Start of Block
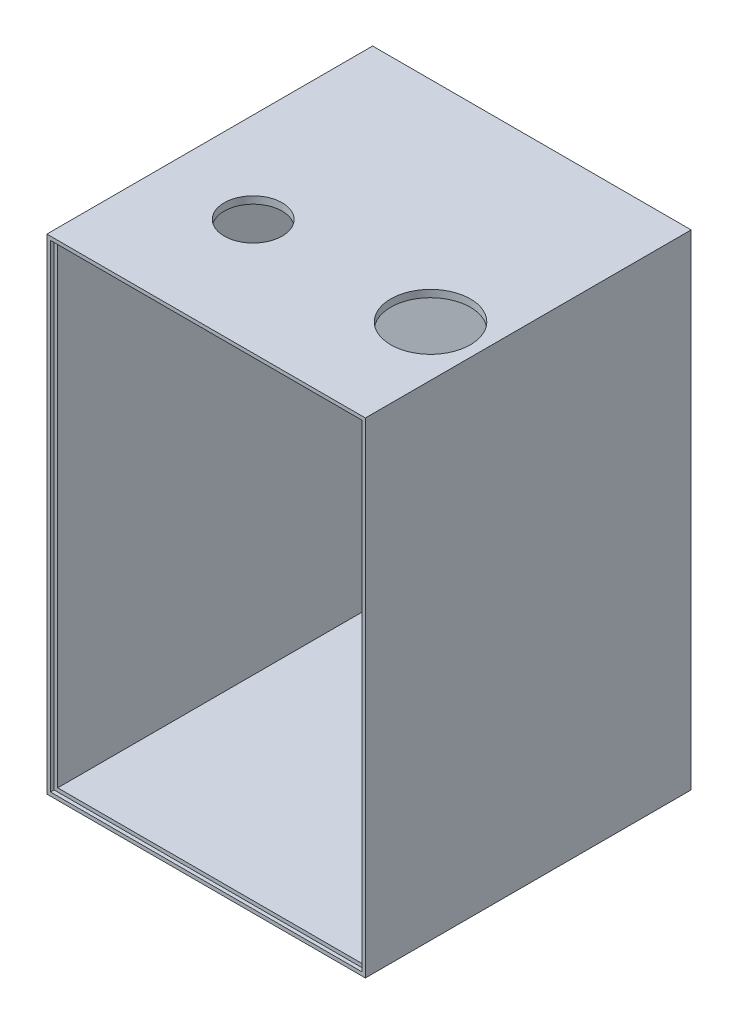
ISO-10303-21;
HEADER;
FILE_DESCRIPTION(('STEP AP214'),'2;1');
FILE_NAME('part.step','',(''),(''),'','','');
FILE_SCHEMA(('AUTOMOTIVE_DESIGN { 1 0 10303 214 1 1 1 1 }'));
ENDSEC;
DATA;
#1=APPLICATION_CONTEXT('core data for automotive mechanical design processes');
#2=APPLICATION_PROTOCOL_DEFINITION('international standard','automotive_design',2000,#1);
#3=PRODUCT_CONTEXT('',#1,'mechanical');
#4=PRODUCT('Part','Part','',(#3));
#5=PRODUCT_RELATED_PRODUCT_CATEGORY('part','',(#4));
#6=PRODUCT_DEFINITION_FORMATION('','',#4);
#7=PRODUCT_DEFINITION_CONTEXT('part definition',#1,'design');
#8=PRODUCT_DEFINITION('design','',#6,#7);
#9=PRODUCT_DEFINITION_SHAPE('','',#8);
#10=(LENGTH_UNIT() NAMED_UNIT(*) SI_UNIT(.MILLI.,.METRE.));
#11=(NAMED_UNIT(*) PLANE_ANGLE_UNIT() SI_UNIT($,.RADIAN.));
#12=(NAMED_UNIT(*) SI_UNIT($,.STERADIAN.) SOLID_ANGLE_UNIT());
#13=UNCERTAINTY_MEASURE_WITH_UNIT(LENGTH_MEASURE(1.E-05),#10,'distance_accuracy_value','');
#14=(GEOMETRIC_REPRESENTATION_CONTEXT(3) GLOBAL_UNCERTAINTY_ASSIGNED_CONTEXT((#13)) GLOBAL_UNIT_ASSIGNED_CONTEXT((#10,
#11,#12)) REPRESENTATION_CONTEXT('',''));
#15=CARTESIAN_POINT('',(0.,0.,0.));
#16=DIRECTION('',(0.,0.,1.));
#17=DIRECTION('',(1.,0.,0.));
#18=AXIS2_PLACEMENT_3D('',#15,#16,#17);
#19=CARTESIAN_POINT('',(44.,-67.,2.));
#20=DIRECTION('',(-1.,0.,0.));
#21=DIRECTION('',(0.,0.,1.));
#22=AXIS2_PLACEMENT_3D('',#19,#20,#21);
#23=PLANE('',#22);
#24=DIRECTION('',(0.,1.,0.));
#25=VECTOR('',#24,1.);
#26=CARTESIAN_POINT('',(44.,-67.,0.));
#27=LINE('',#26,#25);
#28=CARTESIAN_POINT('',(44.,-67.,0.));
#29=VERTEX_POINT('',#28);
#30=CARTESIAN_POINT('',(44.,67.,0.));
#31=VERTEX_POINT('',#30);
#32=EDGE_CURVE('E231',#29,#31,#27,.T.);
#33=ORIENTED_EDGE('',*,*,#32,.T.);
#34=DIRECTION('',(0.,0.,-1.));
#35=VECTOR('',#34,1.);
#36=CARTESIAN_POINT('',(44.,67.,2.));
#37=LINE('',#36,#35);
#38=CARTESIAN_POINT('',(44.,67.,90.));
#39=VERTEX_POINT('',#38);
#40=EDGE_CURVE('E71',#39,#31,#37,.T.);
#41=ORIENTED_EDGE('',*,*,#40,.F.);
#42=DIRECTION('',(0.,1.,0.));
#43=VECTOR('',#42,1.);
#44=CARTESIAN_POINT('',(44.,-67.,90.));
#45=LINE('',#44,#43);
#46=CARTESIAN_POINT('',(44.,-67.,90.));
#47=VERTEX_POINT('',#46);
#48=EDGE_CURVE('E222',#47,#39,#45,.T.);
#49=ORIENTED_EDGE('',*,*,#48,.F.);
#50=DIRECTION('',(0.,0.,-1.));
#51=VECTOR('',#50,1.);
#52=CARTESIAN_POINT('',(44.,-67.,2.));
#53=LINE('',#52,#51);
#54=EDGE_CURVE('E240',#47,#29,#53,.T.);
#55=ORIENTED_EDGE('',*,*,#54,.T.);
#56=EDGE_LOOP('',(#33,#41,#49,#55));
#57=FACE_BOUND('',#56,.T.);
#58=ADVANCED_FACE('F63',(#57),#23,.F.);
#59=CARTESIAN_POINT('',(-44.,67.,2.));
#60=DIRECTION('',(0.,-1.,0.));
#61=DIRECTION('',(0.,0.,-1.));
#62=AXIS2_PLACEMENT_3D('',#59,#60,#61);
#63=PLANE('',#62);
#64=CARTESIAN_POINT('',(30.,67.,58.));
#65=DIRECTION('',(0.,1.,0.));
#66=DIRECTION('',(0.,0.,1.));
#67=AXIS2_PLACEMENT_3D('',#64,#65,#66);
#68=CIRCLE('',#67,11.);
#69=CARTESIAN_POINT('',(30.,67.,69.));
#70=VERTEX_POINT('',#69);
#71=EDGE_CURVE('E252',#70,#70,#68,.T.);
#72=ORIENTED_EDGE('',*,*,#71,.F.);
#73=EDGE_LOOP('',(#72));
#74=FACE_BOUND('',#73,.T.);
#75=CARTESIAN_POINT('',(-19.,67.,58.));
#76=DIRECTION('',(0.,1.,0.));
#77=DIRECTION('',(0.,0.,1.));
#78=AXIS2_PLACEMENT_3D('',#75,#76,#77);
#79=CIRCLE('',#78,8.);
#80=CARTESIAN_POINT('',(-19.,67.,66.));
#81=VERTEX_POINT('',#80);
#82=EDGE_CURVE('E178',#81,#81,#79,.T.);
#83=ORIENTED_EDGE('',*,*,#82,.F.);
#84=EDGE_LOOP('',(#83));
#85=FACE_BOUND('',#84,.T.);
#86=DIRECTION('',(-1.,0.,0.));
#87=VECTOR('',#86,1.);
#88=CARTESIAN_POINT('',(-44.,67.,0.));
#89=LINE('',#88,#87);
#90=CARTESIAN_POINT('',(-44.,67.,0.));
#91=VERTEX_POINT('',#90);
#92=EDGE_CURVE('E234',#31,#91,#89,.T.);
#93=ORIENTED_EDGE('',*,*,#92,.T.);
#94=DIRECTION('',(0.,0.,-1.));
#95=VECTOR('',#94,1.);
#96=CARTESIAN_POINT('',(-44.,67.,2.));
#97=LINE('',#96,#95);
#98=CARTESIAN_POINT('',(-44.,67.,90.));
#99=VERTEX_POINT('',#98);
#100=EDGE_CURVE('E246',#99,#91,#97,.T.);
#101=ORIENTED_EDGE('',*,*,#100,.F.);
#102=DIRECTION('',(1.,0.,0.));
#103=VECTOR('',#102,1.);
#104=CARTESIAN_POINT('',(-44.,67.,90.));
#105=LINE('',#104,#103);
#106=EDGE_CURVE('E214',#99,#39,#105,.T.);
#107=ORIENTED_EDGE('',*,*,#106,.T.);
#108=ORIENTED_EDGE('',*,*,#40,.T.);
#109=EDGE_LOOP('',(#93,#101,#107,#108));
#110=FACE_BOUND('',#109,.T.);
#111=ADVANCED_FACE('F265',(#74,#85,#110),#63,.F.);
#112=CARTESIAN_POINT('',(-44.,-67.,2.));
#113=DIRECTION('',(1.,0.,0.));
#114=DIRECTION('',(0.,0.,-1.));
#115=AXIS2_PLACEMENT_3D('',#112,#113,#114);
#116=PLANE('',#115);
#117=DIRECTION('',(0.,-1.,0.));
#118=VECTOR('',#117,1.);
#119=CARTESIAN_POINT('',(-44.,-67.,0.));
#120=LINE('',#119,#118);
#121=CARTESIAN_POINT('',(-44.,-67.,0.));
#122=VERTEX_POINT('',#121);
#123=EDGE_CURVE('E236',#91,#122,#120,.T.);
#124=ORIENTED_EDGE('',*,*,#123,.T.);
#125=DIRECTION('',(0.,0.,-1.));
#126=VECTOR('',#125,1.);
#127=CARTESIAN_POINT('',(-44.,-67.,2.));
#128=LINE('',#127,#126);
#129=CARTESIAN_POINT('',(-44.,-67.,90.));
#130=VERTEX_POINT('',#129);
#131=EDGE_CURVE('E243',#130,#122,#128,.T.);
#132=ORIENTED_EDGE('',*,*,#131,.F.);
#133=DIRECTION('',(0.,1.,0.));
#134=VECTOR('',#133,1.);
#135=CARTESIAN_POINT('',(-44.,-67.,90.));
#136=LINE('',#135,#134);
#137=EDGE_CURVE('E228',#130,#99,#136,.T.);
#138=ORIENTED_EDGE('',*,*,#137,.T.);
#139=ORIENTED_EDGE('',*,*,#100,.T.);
#140=EDGE_LOOP('',(#124,#132,#138,#139));
#141=FACE_BOUND('',#140,.T.);
#142=ADVANCED_FACE('F268',(#141),#116,.F.);
#143=CARTESIAN_POINT('',(-44.,-67.,2.));
#144=DIRECTION('',(0.,1.,0.));
#145=DIRECTION('',(0.,0.,1.));
#146=AXIS2_PLACEMENT_3D('',#143,#144,#145);
#147=PLANE('',#146);
#148=DIRECTION('',(1.,0.,0.));
#149=VECTOR('',#148,1.);
#150=CARTESIAN_POINT('',(-44.,-67.,0.));
#151=LINE('',#150,#149);
#152=EDGE_CURVE('E238',#122,#29,#151,.T.);
#153=ORIENTED_EDGE('',*,*,#152,.T.);
#154=ORIENTED_EDGE('',*,*,#54,.F.);
#155=DIRECTION('',(1.,0.,0.));
#156=VECTOR('',#155,1.);
#157=CARTESIAN_POINT('',(-44.,-67.,90.));
#158=LINE('',#157,#156);
#159=EDGE_CURVE('E225',#130,#47,#158,.T.);
#160=ORIENTED_EDGE('',*,*,#159,.F.);
#161=ORIENTED_EDGE('',*,*,#131,.T.);
#162=EDGE_LOOP('',(#153,#154,#160,#161));
#163=FACE_BOUND('',#162,.T.);
#164=ADVANCED_FACE('F279',(#163),#147,.F.);
#165=CARTESIAN_POINT('',(0.,0.,0.));
#166=DIRECTION('',(0.,0.,-1.));
#167=DIRECTION('',(-1.,0.,0.));
#168=AXIS2_PLACEMENT_3D('',#165,#166,#167);
#169=PLANE('',#168);
#170=ORIENTED_EDGE('',*,*,#32,.F.);
#171=ORIENTED_EDGE('',*,*,#152,.F.);
#172=ORIENTED_EDGE('',*,*,#123,.F.);
#173=ORIENTED_EDGE('',*,*,#92,.F.);
#174=EDGE_LOOP('',(#170,#171,#172,#173));
#175=FACE_BOUND('',#174,.T.);
#176=ADVANCED_FACE('F277',(#175),#169,.T.);
#177=CARTESIAN_POINT('',(0.,0.,90.));
#178=DIRECTION('',(0.,0.,1.));
#179=DIRECTION('',(1.,0.,0.));
#180=AXIS2_PLACEMENT_3D('',#177,#178,#179);
#181=PLANE('',#180);
#182=DIRECTION('',(0.,1.,0.));
#183=VECTOR('',#182,1.);
#184=CARTESIAN_POINT('',(43.,-66.,90.));
#185=LINE('',#184,#183);
#186=CARTESIAN_POINT('',(43.,-66.,90.));
#187=VERTEX_POINT('',#186);
#188=CARTESIAN_POINT('',(43.,66.,90.));
#189=VERTEX_POINT('',#188);
#190=EDGE_CURVE('E79',#187,#189,#185,.T.);
#191=ORIENTED_EDGE('',*,*,#190,.F.);
#192=DIRECTION('',(1.,0.,0.));
#193=VECTOR('',#192,1.);
#194=CARTESIAN_POINT('',(-43.,-66.,90.));
#195=LINE('',#194,#193);
#196=CARTESIAN_POINT('',(-43.,-66.,90.));
#197=VERTEX_POINT('',#196);
#198=EDGE_CURVE('E172',#197,#187,#195,.T.);
#199=ORIENTED_EDGE('',*,*,#198,.F.);
#200=DIRECTION('',(0.,-1.,0.));
#201=VECTOR('',#200,1.);
#202=CARTESIAN_POINT('',(-43.,-66.,90.));
#203=LINE('',#202,#201);
#204=CARTESIAN_POINT('',(-43.,66.,90.));
#205=VERTEX_POINT('',#204);
#206=EDGE_CURVE('E175',#205,#197,#203,.T.);
#207=ORIENTED_EDGE('',*,*,#206,.F.);
#208=DIRECTION('',(-1.,0.,0.));
#209=VECTOR('',#208,1.);
#210=CARTESIAN_POINT('',(-43.,66.,90.));
#211=LINE('',#210,#209);
#212=EDGE_CURVE('E184',#189,#205,#211,.T.);
#213=ORIENTED_EDGE('',*,*,#212,.F.);
#214=EDGE_LOOP('',(#191,#199,#207,#213));
#215=FACE_BOUND('',#214,.T.);
#216=ORIENTED_EDGE('',*,*,#106,.F.);
#217=ORIENTED_EDGE('',*,*,#137,.F.);
#218=ORIENTED_EDGE('',*,*,#159,.T.);
#219=ORIENTED_EDGE('',*,*,#48,.T.);
#220=EDGE_LOOP('',(#216,#217,#218,#219));
#221=FACE_BOUND('',#220,.T.);
#222=ADVANCED_FACE('F284',(#215,#221),#181,.T.);
#223=CARTESIAN_POINT('',(0.,0.,89.));
#224=DIRECTION('',(0.,0.,-1.));
#225=DIRECTION('',(-1.,0.,0.));
#226=AXIS2_PLACEMENT_3D('',#223,#224,#225);
#227=PLANE('',#226);
#228=DIRECTION('',(0.,1.,0.));
#229=VECTOR('',#228,1.);
#230=CARTESIAN_POINT('',(43.,-66.,89.));
#231=LINE('',#230,#229);
#232=CARTESIAN_POINT('',(43.,-66.,89.));
#233=VERTEX_POINT('',#232);
#234=CARTESIAN_POINT('',(43.,66.,89.));
#235=VERTEX_POINT('',#234);
#236=EDGE_CURVE('E154',#233,#235,#231,.T.);
#237=ORIENTED_EDGE('',*,*,#236,.T.);
#238=DIRECTION('',(-1.,0.,0.));
#239=VECTOR('',#238,1.);
#240=CARTESIAN_POINT('',(-43.,66.,89.));
#241=LINE('',#240,#239);
#242=CARTESIAN_POINT('',(-43.,66.,89.));
#243=VERTEX_POINT('',#242);
#244=EDGE_CURVE('E163',#235,#243,#241,.T.);
#245=ORIENTED_EDGE('',*,*,#244,.T.);
#246=DIRECTION('',(0.,-1.,0.));
#247=VECTOR('',#246,1.);
#248=CARTESIAN_POINT('',(-43.,-66.,89.));
#249=LINE('',#248,#247);
#250=CARTESIAN_POINT('',(-43.,-66.,89.));
#251=VERTEX_POINT('',#250);
#252=EDGE_CURVE('E168',#243,#251,#249,.T.);
#253=ORIENTED_EDGE('',*,*,#252,.T.);
#254=DIRECTION('',(1.,0.,0.));
#255=VECTOR('',#254,1.);
#256=CARTESIAN_POINT('',(-43.,-66.,89.));
#257=LINE('',#256,#255);
#258=EDGE_CURVE('E160',#251,#233,#257,.T.);
#259=ORIENTED_EDGE('',*,*,#258,.T.);
#260=EDGE_LOOP('',(#237,#245,#253,#259));
#261=FACE_BOUND('',#260,.T.);
#262=DIRECTION('',(0.,-1.,0.));
#263=VECTOR('',#262,1.);
#264=CARTESIAN_POINT('',(42.,-65.,89.));
#265=LINE('',#264,#263);
#266=CARTESIAN_POINT('',(42.,65.,89.));
#267=VERTEX_POINT('',#266);
#268=CARTESIAN_POINT('',(42.,-65.,89.));
#269=VERTEX_POINT('',#268);
#270=EDGE_CURVE('E12',#267,#269,#265,.T.);
#271=ORIENTED_EDGE('',*,*,#270,.T.);
#272=DIRECTION('',(-1.,0.,0.));
#273=VECTOR('',#272,1.);
#274=CARTESIAN_POINT('',(-42.,-65.,89.));
#275=LINE('',#274,#273);
#276=CARTESIAN_POINT('',(-42.,-65.,89.));
#277=VERTEX_POINT('',#276);
#278=EDGE_CURVE('E190',#269,#277,#275,.T.);
#279=ORIENTED_EDGE('',*,*,#278,.T.);
#280=DIRECTION('',(0.,-1.,0.));
#281=VECTOR('',#280,1.);
#282=CARTESIAN_POINT('',(-42.,-65.,89.));
#283=LINE('',#282,#281);
#284=CARTESIAN_POINT('',(-42.,65.,89.));
#285=VERTEX_POINT('',#284);
#286=EDGE_CURVE('E195',#285,#277,#283,.T.);
#287=ORIENTED_EDGE('',*,*,#286,.F.);
#288=DIRECTION('',(-1.,0.,0.));
#289=VECTOR('',#288,1.);
#290=CARTESIAN_POINT('',(-42.,65.,89.));
#291=LINE('',#290,#289);
#292=EDGE_CURVE('E86',#267,#285,#291,.T.);
#293=ORIENTED_EDGE('',*,*,#292,.F.);
#294=EDGE_LOOP('',(#271,#279,#287,#293));
#295=FACE_BOUND('',#294,.T.);
#296=ADVANCED_FACE('F170',(#261,#295),#227,.F.);
#297=CARTESIAN_POINT('',(43.,-66.,89.));
#298=DIRECTION('',(1.,0.,0.));
#299=DIRECTION('',(0.,0.,-1.));
#300=AXIS2_PLACEMENT_3D('',#297,#298,#299);
#301=PLANE('',#300);
#302=ORIENTED_EDGE('',*,*,#190,.T.);
#303=DIRECTION('',(0.,0.,1.));
#304=VECTOR('',#303,1.);
#305=CARTESIAN_POINT('',(43.,66.,89.));
#306=LINE('',#305,#304);
#307=EDGE_CURVE('E150',#235,#189,#306,.T.);
#308=ORIENTED_EDGE('',*,*,#307,.F.);
#309=ORIENTED_EDGE('',*,*,#236,.F.);
#310=DIRECTION('',(0.,0.,1.));
#311=VECTOR('',#310,1.);
#312=CARTESIAN_POINT('',(43.,-66.,89.));
#313=LINE('',#312,#311);
#314=EDGE_CURVE('E188',#233,#187,#313,.T.);
#315=ORIENTED_EDGE('',*,*,#314,.T.);
#316=EDGE_LOOP('',(#302,#308,#309,#315));
#317=FACE_BOUND('',#316,.T.);
#318=ADVANCED_FACE('F152',(#317),#301,.F.);
#319=CARTESIAN_POINT('',(-43.,-66.,89.));
#320=DIRECTION('',(0.,-1.,0.));
#321=DIRECTION('',(0.,0.,-1.));
#322=AXIS2_PLACEMENT_3D('',#319,#320,#321);
#323=PLANE('',#322);
#324=ORIENTED_EDGE('',*,*,#198,.T.);
#325=ORIENTED_EDGE('',*,*,#314,.F.);
#326=ORIENTED_EDGE('',*,*,#258,.F.);
#327=DIRECTION('',(0.,0.,1.));
#328=VECTOR('',#327,1.);
#329=CARTESIAN_POINT('',(-43.,-66.,89.));
#330=LINE('',#329,#328);
#331=EDGE_CURVE('E191',#251,#197,#330,.T.);
#332=ORIENTED_EDGE('',*,*,#331,.T.);
#333=EDGE_LOOP('',(#324,#325,#326,#332));
#334=FACE_BOUND('',#333,.T.);
#335=ADVANCED_FACE('F423',(#334),#323,.F.);
#336=CARTESIAN_POINT('',(-43.,-66.,89.));
#337=DIRECTION('',(-1.,0.,0.));
#338=DIRECTION('',(0.,0.,1.));
#339=AXIS2_PLACEMENT_3D('',#336,#337,#338);
#340=PLANE('',#339);
#341=ORIENTED_EDGE('',*,*,#206,.T.);
#342=ORIENTED_EDGE('',*,*,#331,.F.);
#343=ORIENTED_EDGE('',*,*,#252,.F.);
#344=DIRECTION('',(0.,0.,1.));
#345=VECTOR('',#344,1.);
#346=CARTESIAN_POINT('',(-43.,66.,89.));
#347=LINE('',#346,#345);
#348=EDGE_CURVE('E159',#243,#205,#347,.T.);
#349=ORIENTED_EDGE('',*,*,#348,.T.);
#350=EDGE_LOOP('',(#341,#342,#343,#349));
#351=FACE_BOUND('',#350,.T.);
#352=ADVANCED_FACE('F433',(#351),#340,.F.);
#353=CARTESIAN_POINT('',(-43.,66.,89.));
#354=DIRECTION('',(0.,1.,0.));
#355=DIRECTION('',(0.,0.,1.));
#356=AXIS2_PLACEMENT_3D('',#353,#354,#355);
#357=PLANE('',#356);
#358=ORIENTED_EDGE('',*,*,#212,.T.);
#359=ORIENTED_EDGE('',*,*,#348,.F.);
#360=ORIENTED_EDGE('',*,*,#244,.F.);
#361=ORIENTED_EDGE('',*,*,#307,.T.);
#362=EDGE_LOOP('',(#358,#359,#360,#361));
#363=FACE_BOUND('',#362,.T.);
#364=ADVANCED_FACE('F164',(#363),#357,.F.);
#365=CARTESIAN_POINT('',(0.,0.,2.));
#366=DIRECTION('',(0.,0.,-1.));
#367=DIRECTION('',(-1.,0.,0.));
#368=AXIS2_PLACEMENT_3D('',#365,#366,#367);
#369=PLANE('',#368);
#370=DIRECTION('',(1.,0.,0.));
#371=VECTOR('',#370,1.);
#372=CARTESIAN_POINT('',(-42.,65.,2.));
#373=LINE('',#372,#371);
#374=CARTESIAN_POINT('',(-42.,65.,2.));
#375=VERTEX_POINT('',#374);
#376=CARTESIAN_POINT('',(42.,65.,2.));
#377=VERTEX_POINT('',#376);
#378=EDGE_CURVE('E199',#375,#377,#373,.T.);
#379=ORIENTED_EDGE('',*,*,#378,.F.);
#380=DIRECTION('',(0.,1.,0.));
#381=VECTOR('',#380,1.);
#382=CARTESIAN_POINT('',(-42.,-65.,2.));
#383=LINE('',#382,#381);
#384=CARTESIAN_POINT('',(-42.,-65.,2.));
#385=VERTEX_POINT('',#384);
#386=EDGE_CURVE('E208',#385,#375,#383,.T.);
#387=ORIENTED_EDGE('',*,*,#386,.F.);
#388=DIRECTION('',(1.,0.,0.));
#389=VECTOR('',#388,1.);
#390=CARTESIAN_POINT('',(-42.,-65.,2.));
#391=LINE('',#390,#389);
#392=CARTESIAN_POINT('',(42.,-65.,2.));
#393=VERTEX_POINT('',#392);
#394=EDGE_CURVE('E205',#385,#393,#391,.T.);
#395=ORIENTED_EDGE('',*,*,#394,.T.);
#396=DIRECTION('',(0.,1.,0.));
#397=VECTOR('',#396,1.);
#398=CARTESIAN_POINT('',(42.,-65.,2.));
#399=LINE('',#398,#397);
#400=EDGE_CURVE('E202',#393,#377,#399,.T.);
#401=ORIENTED_EDGE('',*,*,#400,.T.);
#402=EDGE_LOOP('',(#379,#387,#395,#401));
#403=FACE_BOUND('',#402,.T.);
#404=ADVANCED_FACE('F335',(#403),#369,.F.);
#405=CARTESIAN_POINT('',(42.,-65.,90.));
#406=DIRECTION('',(-1.,0.,0.));
#407=DIRECTION('',(0.,0.,1.));
#408=AXIS2_PLACEMENT_3D('',#405,#406,#407);
#409=PLANE('',#408);
#410=ORIENTED_EDGE('',*,*,#270,.F.);
#411=DIRECTION('',(0.,0.,-1.));
#412=VECTOR('',#411,1.);
#413=CARTESIAN_POINT('',(42.,65.,90.));
#414=LINE('',#413,#412);
#415=EDGE_CURVE('E211',#267,#377,#414,.T.);
#416=ORIENTED_EDGE('',*,*,#415,.T.);
#417=ORIENTED_EDGE('',*,*,#400,.F.);
#418=DIRECTION('',(0.,0.,-1.));
#419=VECTOR('',#418,1.);
#420=CARTESIAN_POINT('',(42.,-65.,90.));
#421=LINE('',#420,#419);
#422=EDGE_CURVE('E217',#269,#393,#421,.T.);
#423=ORIENTED_EDGE('',*,*,#422,.F.);
#424=EDGE_LOOP('',(#410,#416,#417,#423));
#425=FACE_BOUND('',#424,.T.);
#426=ADVANCED_FACE('F339',(#425),#409,.T.);
#427=CARTESIAN_POINT('',(-42.,-65.,90.));
#428=DIRECTION('',(0.,1.,0.));
#429=DIRECTION('',(0.,0.,1.));
#430=AXIS2_PLACEMENT_3D('',#427,#428,#429);
#431=PLANE('',#430);
#432=ORIENTED_EDGE('',*,*,#278,.F.);
#433=ORIENTED_EDGE('',*,*,#422,.T.);
#434=ORIENTED_EDGE('',*,*,#394,.F.);
#435=DIRECTION('',(0.,0.,-1.));
#436=VECTOR('',#435,1.);
#437=CARTESIAN_POINT('',(-42.,-65.,90.));
#438=LINE('',#437,#436);
#439=EDGE_CURVE('E215',#277,#385,#438,.T.);
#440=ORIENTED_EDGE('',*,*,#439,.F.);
End of Block
All that is wanted is an exact copy of the lines above from the one with "#226=AXIS2_PLACEMENT_3D('',#223,#224,#225);" through the one with "#240=CARTESIAN_POINT('',(-43.,66.,89.));", with both ends included.

> _ANSWER FOR THIS EXERCISE_:
#226=AXIS2_PLACEMENT_3D('',#223,#224,#225);
#227=PLANE('',#226);
#228=DIRECTION('',(0.,1.,0.));
#229=VECTOR('',#228,1.);
#230=CARTESIAN_POINT('',(43.,-66.,89.));
#231=LINE('',#230,#229);
#232=CARTESIAN_POINT('',(43.,-66.,89.));
#233=VERTEX_POINT('',#232);
#234=CARTESIAN_POINT('',(43.,66.,89.));
#235=VERTEX_POINT('',#234);
#236=EDGE_CURVE('E154',#233,#235,#231,.T.);
#237=ORIENTED_EDGE('',*,*,#236,.T.);
#238=DIRECTION('',(-1.,0.,0.));
#239=VECTOR('',#238,1.);
#240=CARTESIAN_POINT('',(-43.,66.,89.));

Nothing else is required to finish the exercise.